Tar stock is prepared thus: In a large metal pail dissolve three-fourths of a pound of caustic soda in 1 quart of water, add 1 gallon of pine tar, and stir thoroughly with a wooden paddle until the mixture, which at first looks streaked and muddy, brightens to a uniform, thick fluid somewhat resembling molasses. Test it by letting about a teaspoonful drip from the paddle into a glass of water (a glass fruit jar or a wide-mouth bottle will do) and stirring thoroughly with a sliver of wood. It should mix perfectly with the water. Globules of tar which can be seen by looking at the glass from underneath and which can not be blended with the water by repeated stirring indicate that more caustic-soda solution is needed. In that case make up more caustic-soda solution of the same strength and add it, not more than a pint at a time, with thorough stirring, until the desired effect is produced.

If an appropriate glass vessel for making the test is not at hand, take a little of the mixture between the fingers, then dip the fingers under water and try to rub off the tar. It should leave the fingers perfectly clean after a little rubbing with water. If an oily coating remains, more caustic-soda solution is needed. Such an extra addition of caustic soda will be required only in case of a very low-grade chemical or a very highly acid tar. The tar stock should be kept in closed containers, such as a pail with a friction top.

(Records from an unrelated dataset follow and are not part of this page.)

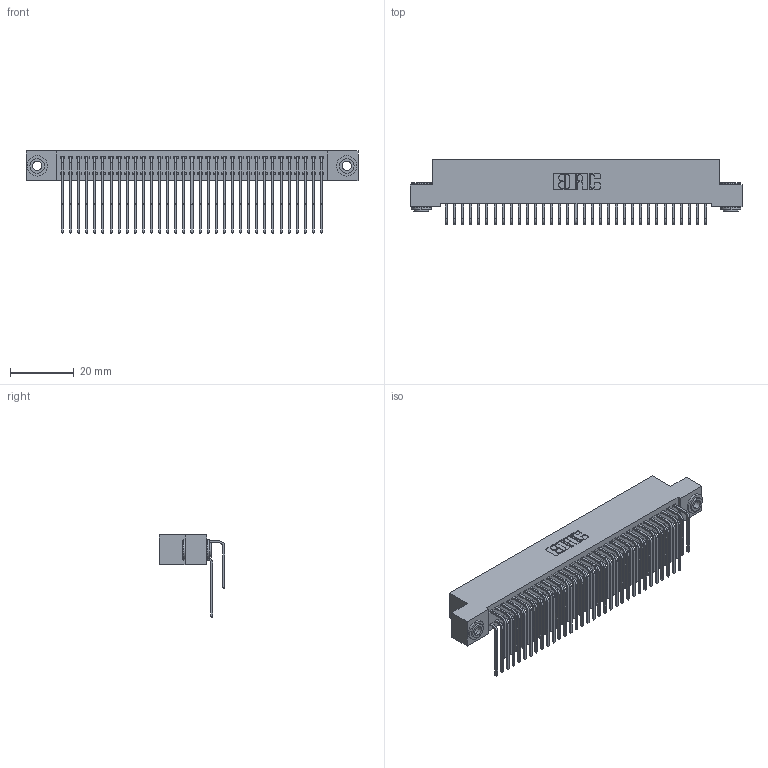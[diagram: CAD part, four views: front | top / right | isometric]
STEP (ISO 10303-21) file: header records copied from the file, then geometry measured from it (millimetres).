
FILE_DESCRIPTION (( 'STEP AP203' ), '1' );
FILE_NAME ('392-066-559-203.STEP', '2019-10-09T11:25:21', ( '' ), ( '' ), 'SwSTEP 2.0', 'SolidWorks 2016', '' );
FILE_SCHEMA (( 'CONFIG_CONTROL_DESIGN' ));
Length unit declared in the file: inch
Products named in the file (5): 342 Part_.156 TH; 345-292-001_558 559 Tail - 1; 345-292-001_559 Tail - 2; 342-250-002_345-250-002-102; 392-066-559-203
Assembly tree (69 placements, depth 2):
  392-066-559-203
    342 Part_.156 TH
    345-292-001_558 559 Tail - 1  x33
    345-292-001_559 Tail - 2  x33
    342-250-002_345-250-002-102  x2
Bounding box: 104.14 x 20.64 x 25.78 mm (x, y, z)
Volume: 9717.9 mm3; surface area: 17533 mm2
Topology: 69 solids, 69 shells, 3712 faces, 11001 edges, 7242 vertices
Faces by surface type: plane 2584, cylinder 1120, cone 8
Entity records: 24696 total; most frequent: CARTESIAN_POINT 4128, ORIENTED_EDGE 4006, DIRECTION 3557, EDGE_CURVE 2003, LINE 1811, VECTOR 1811, VERTEX_POINT 1330, AXIS2_PLACEMENT_3D 873

The quantity of S-B arsenic stock or of tar stock made in one operation can be varied as desired, provided the above-given proportions of the ingredients are adhered to. But one should attempt to work the S-B formula on a larger scale only after skill and experience have been acquired.

The boiled dip is less convenient than the S-B dip, but the final composition and effect of dipping baths prepared from the two are the same.